Prevê o artigo 506º. do CPC., a admissibilidade de articulados supervenientes.
Conforme refere Miguel Teixeira de Sousa, in Estudos Sobre o Novo Processo Civil, a pág. 298, «Os articulados supervenientes são utilizados para a alegação de factos que, dada a sua superveniência, não puderam ser invocados nos articulados normais».
O articulado superveniente diz respeito aos factos constitutivos, modificativos ou extintivos que interessam à decisão da causa e que a parte apenas deles teve conhecimento já depois de ter apresentado os articulados previstos por lei.
A agravante alega no seu articulado superveniente, que só com a notificação da junção dos registos informáticos por banda da ré, R.T.P. em 5-5-06, teve conhecimento de outras transmissões, algumas integrais, da telenovela e da série em questão.
Ora, da análise do respectivo articulado e de acordo com a argumentação expendida pela própria agravante, constatamos que a mesma veio dar conta de transmissões de episódios da telenovela, aludindo às datas de 7-10-2000, 13-11-2000, 11-6-2002, 20-7-2004, 24-1-2005, 18-10-2004, 30-10-2001, 2-4-2002.
Relativamente à série, aludiu às datas de 1-9-2003, 19-9-2003, 21-4-2003 e 7-5-2003, 2-6-2003, 9-7-2003, 3-6-2003 e 10-7-2003.
Ainda perante a tese da agravante, os programas em causa foram objecto das transmissões, algumas delas integrais, mas a mesma desconhecia-as.
Porém, uma coisa é a superveniência dos factos e outra o seu conhecimento.
Com efeito, a acção foi intentada em 4 de Novembro de 2005, numa altura em que todas as transmissões, agora em apreço, já tinham sido efectuadas.

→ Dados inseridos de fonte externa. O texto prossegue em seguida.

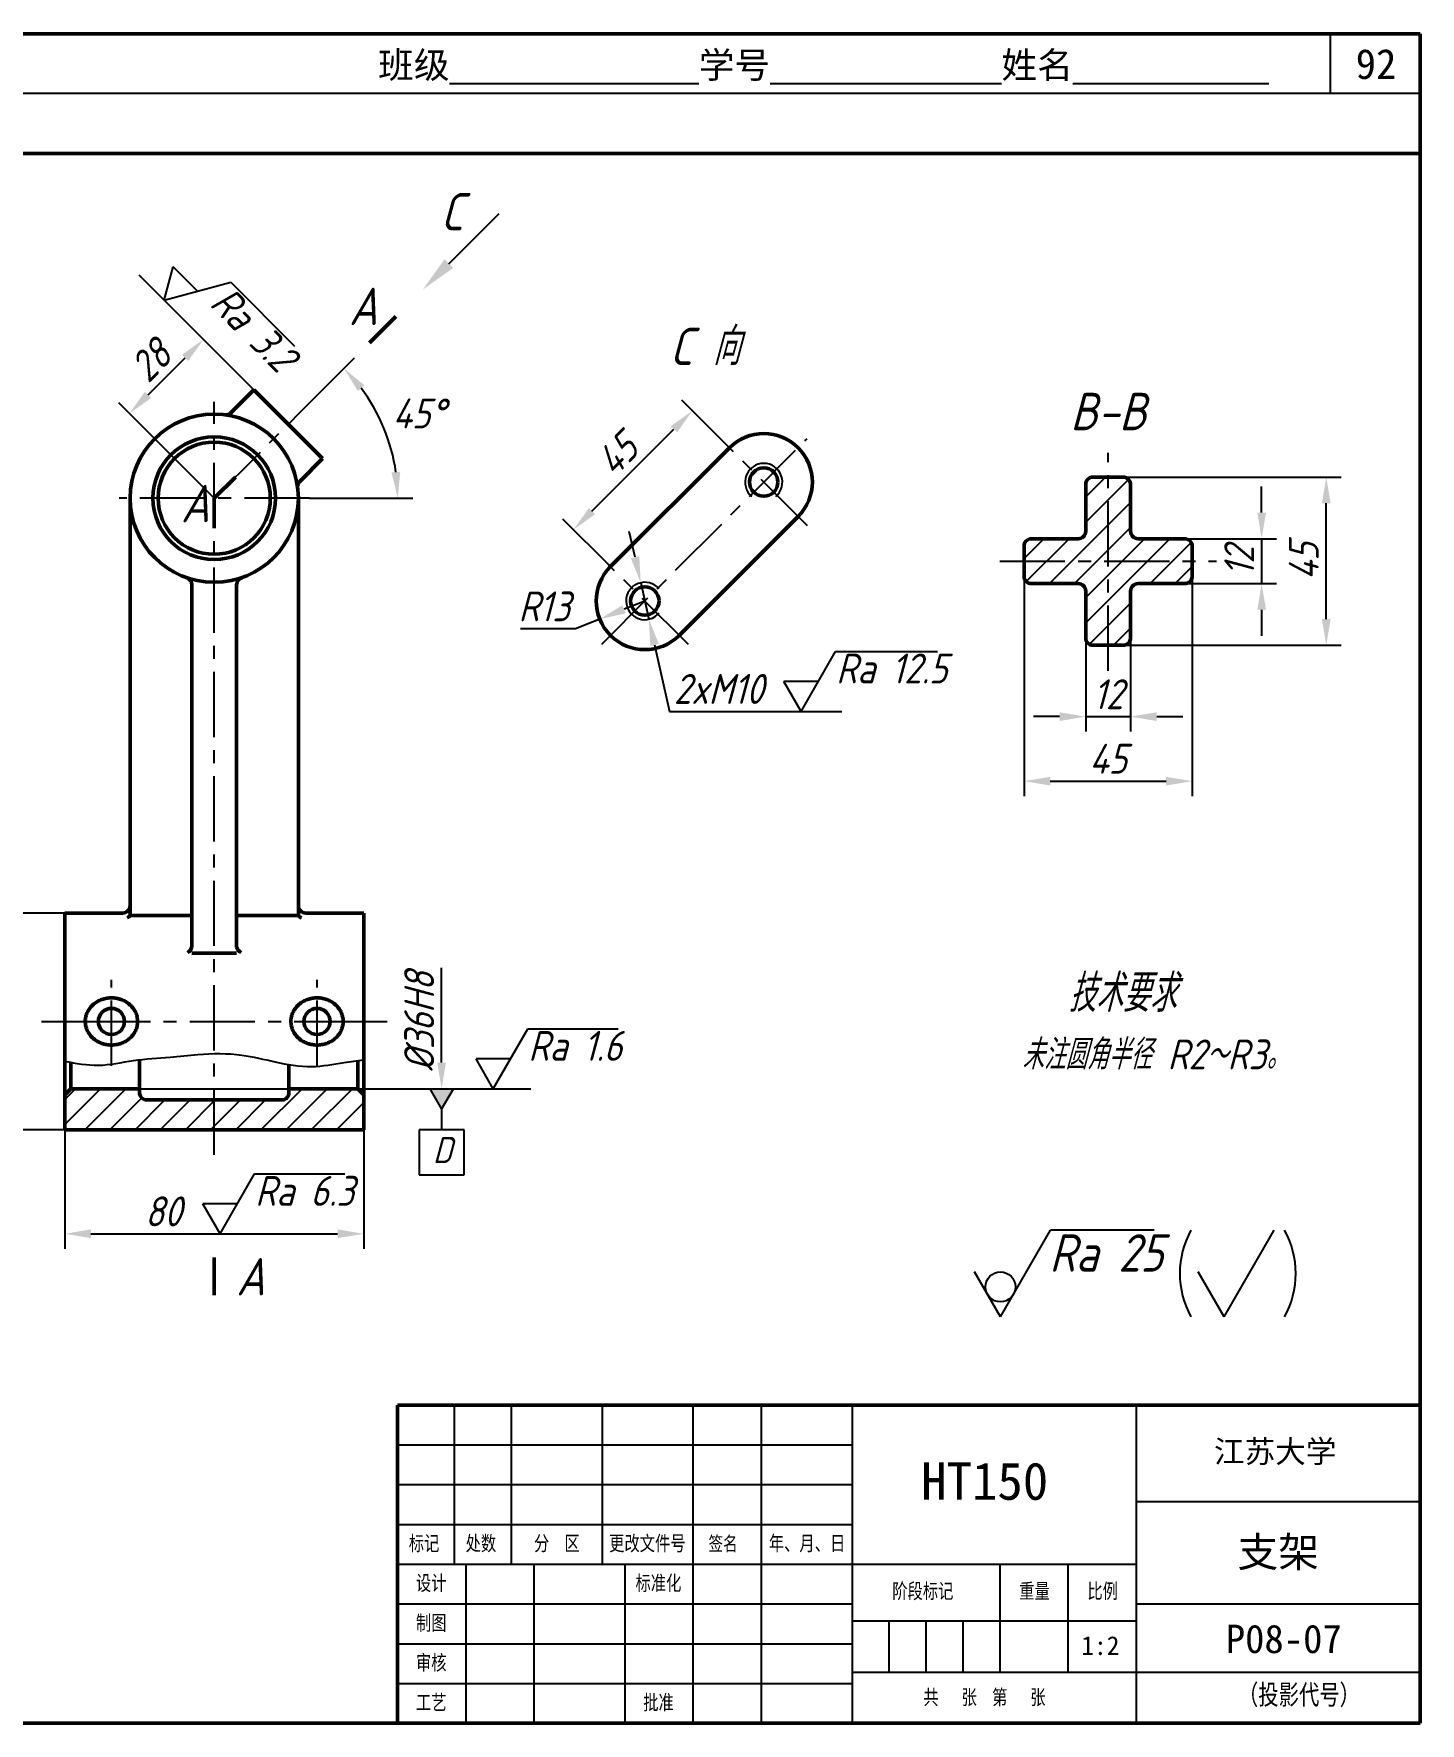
# Model space of a CAD drawing. Header units: millimetres. Extents: x 0 to 322, y 0 to 226.
# Drawn here: x 136.6 to 322, y 0 to 226 of the extents above; entities that cross this region are included whole.
import ezdxf

# ---------------------------------------------------------------- set-up
doc = ezdxf.new("R2010")
doc.units = ezdxf.units.MM
doc.header["$LTSCALE"] = 0.275
doc.linetypes.add('CENTER', pattern=[50.8, 31.75, -6.35, 6.35, -6.35])
for name, color, linetype in [('尺寸层', 7, 'Continuous'), ('点画线层', 7, 'CENTER'), ('细实线层', 7, 'Continuous')]:
    doc.layers.add(name, color=color, linetype=linetype)
doc.layers.add('粗实线层', color=7, linetype='Continuous', lineweight=50)
doc.styles.get("Standard").update_dxf_attribs({"font": 'gbeitc.shx', "height": 4, "bigfont": 'gbcbig.shx'})
doc.styles.add('宋体', font='SimSun.ttf', dxfattribs={"height": 3.5})
doc.dimstyles.new('ISO-25', dxfattribs={"dimtxt": 4, "dimasz": 3.5, "dimexe": 2, "dimexo": 0, "dimgap": 1, "dimtad": 1, "dimtoh": 1, "dimdsep": 46, "dimtxsty": 'Standard', "dimcen": 0, "dimclrd": 256, "dimclre": 256, "dimclrt": 256, "dimadec": 0, "dimazin": 0, "dimtfac": 1, "dimtmove": 0, "dimatfit": 2, "dimfxl": 0, "dimlwd": -1, "dimlwe": -1, "dimarcsym": 0})
doc.dimstyles.new('ISO-25$2', dxfattribs={"dimtxt": 4, "dimasz": 3.5, "dimexe": 2, "dimexo": 0, "dimgap": 1, "dimtad": 2, "dimtih": 1, "dimtoh": 1, "dimdsep": 46, "dimtxsty": 'Standard', "dimcen": 0, "dimclrd": 256, "dimclre": 256, "dimclrt": 256, "dimadec": 0, "dimazin": 0, "dimtfac": 1, "dimtmove": 0, "dimatfit": 2, "dimfxl": 0, "dimlwd": -1, "dimlwe": -1, "dimarcsym": 0})

# ---------------------------------------------------------------- blocks, each defined once
blk = doc.blocks.new('*D25')
at = {"layer": 'Defpoints', "color": 0, "transparency": 16777216}
for p in [(290.51, 158.45), (290.51, 152.45), (300.79, 152.45)]:
    blk.add_point(p, dxfattribs=at)
at = {"layer": '尺寸层', "transparency": 16777216}
for p, q in [((300.79, 161.95), (300.79, 165.45)), ((290.51, 158.45), (302.79, 158.45)), ((300.79, 158.45), (300.79, 152.45)), ((290.51, 152.45), (302.79, 152.45)), ((300.79, 148.95), (300.79, 145.45))]:
    blk.add_line(p, q, dxfattribs=at)
for points in [[(300.21, 161.95), (301.38, 161.95), (300.79, 158.45)], [(300.21, 148.95), (301.38, 148.95), (300.79, 152.45)]]:
    blk.add_solid(points, dxfattribs=at)
at = {"layer": '尺寸层', "transparency": 16777216, "insert": (297.79, 155.45), "char_height": 4, "attachment_point": 5, "rotation": 90}
blk.add_mtext('12', dxfattribs=at)
blk = doc.blocks.new('*D26')
at = {"layer": 'Defpoints', "color": 0, "transparency": 16777216}
for p in [(277.26, 145.2), (283.26, 145.2), (283.26, 134.65)]:
    blk.add_point(p, dxfattribs=at)
at = {"layer": '尺寸层', "transparency": 16777216}
for p, q in [((277.26, 145.2), (277.26, 132.65)), ((283.26, 145.2), (283.26, 132.65)), ((273.76, 134.65), (270.26, 134.65)), ((277.26, 134.65), (283.26, 134.65)), ((286.76, 134.65), (290.26, 134.65))]:
    blk.add_line(p, q, dxfattribs=at)
for points in [[(273.76, 135.24), (273.76, 134.07), (277.26, 134.65)], [(286.76, 135.24), (286.76, 134.07), (283.26, 134.65)]]:
    blk.add_solid(points, dxfattribs=at)
at = {"layer": '尺寸层', "transparency": 16777216, "insert": (280.26, 137.65), "char_height": 4, "attachment_point": 5}
blk.add_mtext('12', dxfattribs=at)
blk = doc.blocks.new('*D27')
at = {"layer": 'Defpoints', "color": 0, "transparency": 16777216}
for p in [(269.01, 153.45), (291.51, 153.45), (291.51, 126.02)]:
    blk.add_point(p, dxfattribs=at)
at = {"layer": '尺寸层', "transparency": 16777216}
for p, q in [((269.01, 153.45), (269.01, 124.02)), ((291.51, 153.45), (291.51, 124.02)), ((272.51, 126.02), (288.01, 126.02))]:
    blk.add_line(p, q, dxfattribs=at)
for points in [[(272.51, 126.6), (272.51, 125.44), (269.01, 126.02)], [(288.01, 126.6), (288.01, 125.44), (291.51, 126.02)]]:
    blk.add_solid(points, dxfattribs=at)
at = {"layer": '尺寸层', "transparency": 16777216, "insert": (280.26, 129.02), "char_height": 4, "attachment_point": 5}
blk.add_mtext('45', dxfattribs=at)
blk = doc.blocks.new('*D28')
at = {"layer": 'Defpoints', "color": 0, "transparency": 16777216}
for p in [(282.26, 166.7), (309.43, 166.7), (282.26, 144.2)]:
    blk.add_point(p, dxfattribs=at)
at = {"layer": '尺寸层', "transparency": 16777216}
for p, q in [((282.26, 166.7), (311.43, 166.7)), ((309.43, 147.7), (309.43, 163.2)), ((282.26, 144.2), (311.43, 144.2))]:
    blk.add_line(p, q, dxfattribs=at)
for points in [[(308.85, 163.2), (310.02, 163.2), (309.43, 166.7)], [(308.85, 147.7), (310.02, 147.7), (309.43, 144.2)]]:
    blk.add_solid(points, dxfattribs=at)
at = {"layer": '尺寸层', "transparency": 16777216, "insert": (306.43, 155.45), "char_height": 4, "attachment_point": 5, "rotation": 90}
blk.add_mtext('45', dxfattribs=at)
blk = doc.blocks.new('*D35')
at = {"layer": 'Defpoints', "color": 0, "transparency": 16777216}
for p in [(224.65, 175.57), (229.59, 170.63), (213.68, 154.72)]:
    blk.add_point(p, dxfattribs=at)
at = {"layer": '尺寸层', "transparency": 16777216}
for p, q in [((229.59, 170.63), (223.24, 176.99)), ((211.21, 162.14), (222.17, 173.1)), ((213.68, 154.72), (207.33, 161.08))]:
    blk.add_line(p, q, dxfattribs=at)
for points in [[(221.76, 173.51), (222.59, 172.69), (224.65, 175.57)], [(210.8, 162.55), (211.63, 161.73), (208.74, 159.66)]]:
    blk.add_solid(points, dxfattribs=at)
at = {"layer": '尺寸层', "transparency": 16777216, "insert": (214.57, 169.74), "char_height": 4, "attachment_point": 5, "rotation": 45}
blk.add_mtext('45', dxfattribs=at)
blk = doc.blocks.new('*D37')
at = {"layer": 'Defpoints', "color": 0, "transparency": 16777216}
for p in [(217.74, 152.56), (218.82, 147.68)]:
    blk.add_point(p, dxfattribs=at)
at = {"layer": '尺寸层', "transparency": 16777216}
for p, q in [((216.97, 155.98), (216.21, 159.4)), ((217.74, 152.56), (218.82, 147.68)), ((219.59, 144.27), (221.57, 135.36)), ((221.57, 135.36), (233.74, 135.36))]:
    blk.add_line(p, q, dxfattribs=at)
for points in [[(217.54, 156.11), (216.41, 155.85), (217.74, 152.56)], [(220.16, 144.39), (219.02, 144.14), (218.82, 147.68)]]:
    blk.add_solid(points, dxfattribs=at)
at = {"layer": '尺寸层', "transparency": 16777216, "insert": (228.16, 138.36), "char_height": 4, "attachment_point": 5}
blk.add_mtext('2xM10', dxfattribs=at)
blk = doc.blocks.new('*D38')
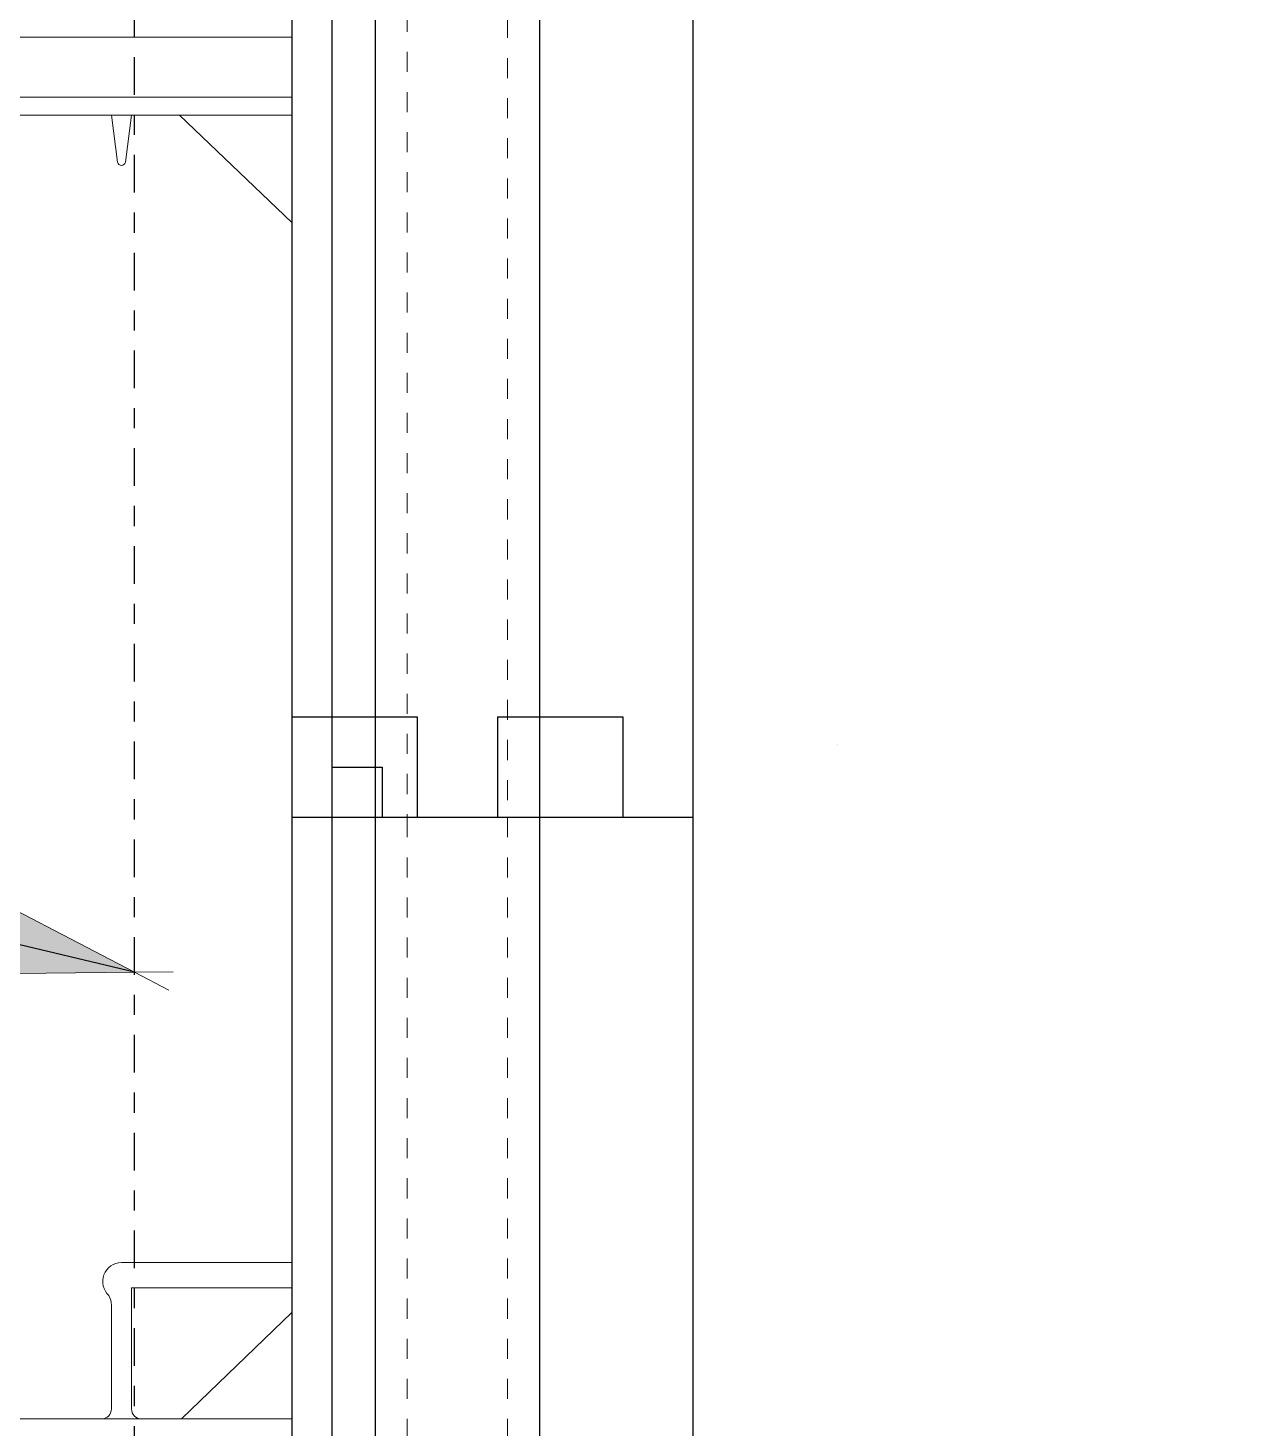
# Model space of a CAD drawing. Header units: inches. Extents: x -66.2 to 5.8, y 249.7 to 328.9.
# Drawn here: x -38.06 to -32.02, y 313.85 to 320.83 of the extents above; entities that cross this region are included whole.
import ezdxf

# ---------------------------------------------------------------- set-up
doc = ezdxf.new("R2010")
doc.units = ezdxf.units.IN
doc.header["$MEASUREMENT"] = 0
for name, pattern in [('CENTER', [2, 1.25, -0.25, 0.25, -0.25]), ('DASHED2', [0.375, 0.25, -0.125]), ('HIDDEN', [0.375, 0.25, -0.125])]:
    doc.linetypes.add(name, pattern=pattern)
for name, color, linetype, lineweight in [('A2 Hatch', 8, 'Continuous', 9), ('DETAILS', 7, 'Continuous', 13), ('DIM', 3, 'Continuous', 13), ('REBAR', 2, 'CENTER', 30)]:
    doc.layers.add(name, color=color, linetype=linetype, lineweight=lineweight)
doc.styles.add('ARCTEXT', font='arctext.shx', dxfattribs={"width": 0.85})
doc.dimstyles.new('ARCTEXT1-4', dxfattribs={"dimtxt": 4, "dimasz": 2, "dimexe": 2, "dimexo": 2, "dimgap": 2, "dimtad": 1, "dimdec": 4, "dimzin": 3, "dimdsep": 46, "dimlunit": 4, "dimtxsty": 'ARCTEXT', "dimblk": 'ARCHTICK', "dimcen": 2, "dimaunit": 1, "dimadec": 0, "dimazin": 0, "dimtfac": 1, "dimtdec": 4, "dimtmove": 2, "dimatfit": 3, "dimldrblk": 'arrow', "dimfxl": 0, "dimtolj": 1, "dimtzin": 0, "dimarcsym": 0})

# ---------------------------------------------------------------- blocks, each defined once
blk = doc.blocks.new('_ArchTick')
at = {"color": 0, "linetype": 'ByBlock', "const_width": 0.15}
blk.add_lwpolyline([(-0.5, -0.5), (0.5, 0.5)], dxfattribs=at)
blk = doc.blocks.new('arrow')
at = {"layer": 'DIM'}
blk.add_hatch(color=253, dxfattribs=at).paths.add_polyline_path([(-2, 0.5), (-2, -0.5), (0, 0)])
at = {"layer": 'DIM', "lineweight": 9}
for points in [[(-2, 0.983), (-2, 0.5), (-2.469, 0.617)], [(0.374, 0.094), (0, 0)], [(0.374, -0.094), (0, 0)], [(-2, -0.983), (-2, -0.5), (-2.469, -0.617)]]:
    blk.add_lwpolyline(points, dxfattribs=at)
at = {"layer": 'DIM', "lineweight": 15}
blk.add_lwpolyline([(0, 0), (-2, -0.5), (-2, 0.5), (0, 0)], dxfattribs=at)

msp = doc.modelspace()

# ---------------------------------------------------------------- linework, layer by layer
at = {"color": 1}
for p, q in [((-34.7458, 328.3893), (-34.7458, 316.8903)), ((-35.5108, 328.1299), (-35.5108, 316.8903)), ((-36.3308, 327.8518), (-36.3308, 316.8903)), ((-36.5458, 327.7789), (-36.5458, 316.8903)), ((-36.7458, 327.7111), (-36.7458, 316.8903)), ((-36.7458, 317.3903), (-36.1208, 317.3903)), ((-36.7458, 317.3903), (-36.1208, 317.3903)), ((-36.7458, 317.3903), (-36.1208, 317.3903)), ((-36.7458, 317.3903), (-36.7458, 304.8903)), ((-36.7458, 317.3903), (-36.1208, 317.3903)), ((-36.7458, 317.3903), (-36.1208, 317.3903)), ((-36.7458, 317.3903), (-36.1208, 317.3903)), ((-36.7458, 317.3903), (-36.1208, 317.3903)), ((-36.7458, 317.3903), (-36.1208, 317.3903)), ((-36.7458, 317.3903), (-36.1208, 317.3903)), ((-36.7458, 317.3903), (-36.1208, 317.3903)), ((-36.7458, 317.3903), (-36.1208, 317.3903)), ((-36.7458, 317.3903), (-36.1208, 317.3903)), ((-36.7458, 317.3903), (-36.1208, 317.3903)), ((-36.7458, 317.3903), (-36.1208, 317.3903)), ((-36.7458, 317.3903), (-36.1208, 317.3903)), ((-36.7458, 317.3903), (-36.1208, 317.3903)), ((-36.7458, 317.3903), (-36.1208, 317.3903)), ((-36.7458, 317.3903), (-36.1208, 317.3903)), ((-36.7458, 317.3903), (-36.1208, 317.3903)), ((-36.7458, 317.3903), (-36.1208, 317.3903)), ((-36.7458, 317.3903), (-36.1208, 317.3903)), ((-36.7458, 317.3903), (-36.1208, 317.3903)), ((-36.7458, 317.3903), (-36.1208, 317.3903)), ((-36.7458, 317.3903), (-36.1208, 317.3903)), ((-36.1208, 317.3903), (-36.1208, 316.8903)), ((-36.1208, 317.3903), (-36.1208, 316.8903)), ((-36.1208, 317.3903), (-36.1208, 316.8903)), ((-36.1208, 317.3903), (-36.1208, 316.8903)), ((-36.1208, 317.3903), (-36.1208, 316.8903)), ((-36.1208, 317.3903), (-36.1208, 316.8903)), ((-36.1208, 317.3903), (-36.1208, 316.8903)), ((-36.1208, 317.3903), (-36.1208, 316.8903)), ((-36.1208, 317.3903), (-36.1208, 316.8903)), ((-36.1208, 317.3903), (-36.1208, 316.8903)), ((-36.1208, 317.3903), (-36.1208, 316.8903)), ((-36.1208, 317.3903), (-36.1208, 316.8903)), ((-36.1208, 317.3903), (-36.1208, 316.8903)), ((-36.1208, 317.3903), (-36.1208, 316.8903)), ((-36.1208, 317.3903), (-36.1208, 316.8903)), ((-36.1208, 317.3903), (-36.1208, 316.8903)), ((-36.1208, 317.3903), (-36.1208, 316.8903)), ((-36.1208, 317.3903), (-36.1208, 316.8903)), ((-36.1208, 317.3903), (-36.1208, 316.8903)), ((-36.1208, 317.3903), (-36.1208, 316.8903)), ((-36.1208, 317.3903), (-36.1208, 316.8903)), ((-36.1208, 317.3903), (-36.1208, 316.8903)), ((-36.1208, 317.3903), (-36.1208, 316.8903)), ((-36.1208, 317.3903), (-36.1208, 316.8903)), ((-35.7208, 317.3903), (-35.7208, 316.8903)), ((-35.7208, 317.3903), (-35.0958, 317.3903)), ((-35.7208, 317.3903), (-35.7208, 316.8903)), ((-35.7208, 317.3903), (-35.0958, 317.3903)), ((-35.7208, 317.3903), (-35.7208, 316.8903)), ((-35.7208, 317.3903), (-35.0958, 317.3903)), ((-35.7208, 317.3903), (-35.7208, 316.8903)), ((-35.7208, 317.3903), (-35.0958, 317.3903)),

Assim, o que está aqui em causa não é a superveniência objectiva dos factos, mas a subjectiva, ou seja, o conhecimento de factos ocorridos, mas já depois do decurso do prazo de apresentação dos articulados.
Partindo do pressuposto que foi com a junção de documentos pela ré, que a agravante tomou conhecimento da situação, não nos repugna admitir, como o faremos, que a superveniência subjectiva pressupôs um desconhecimento não culposo do facto.
Assim, perante o disposto no nº. 4 do art. 506º. do CPC., sempre que a parte desconheça, sem culpa ou sem negligência grave um facto, e por tal razão o não alegando no respectivo articulado, o mesmo não fica precludido, podendo ser acolhido num articulado superveniente.
Porém, face à apresentação de tal peça processual, acabou a agravante por requerer a ampliação do pedido e da causa de pedir, inicialmente formulados na acção.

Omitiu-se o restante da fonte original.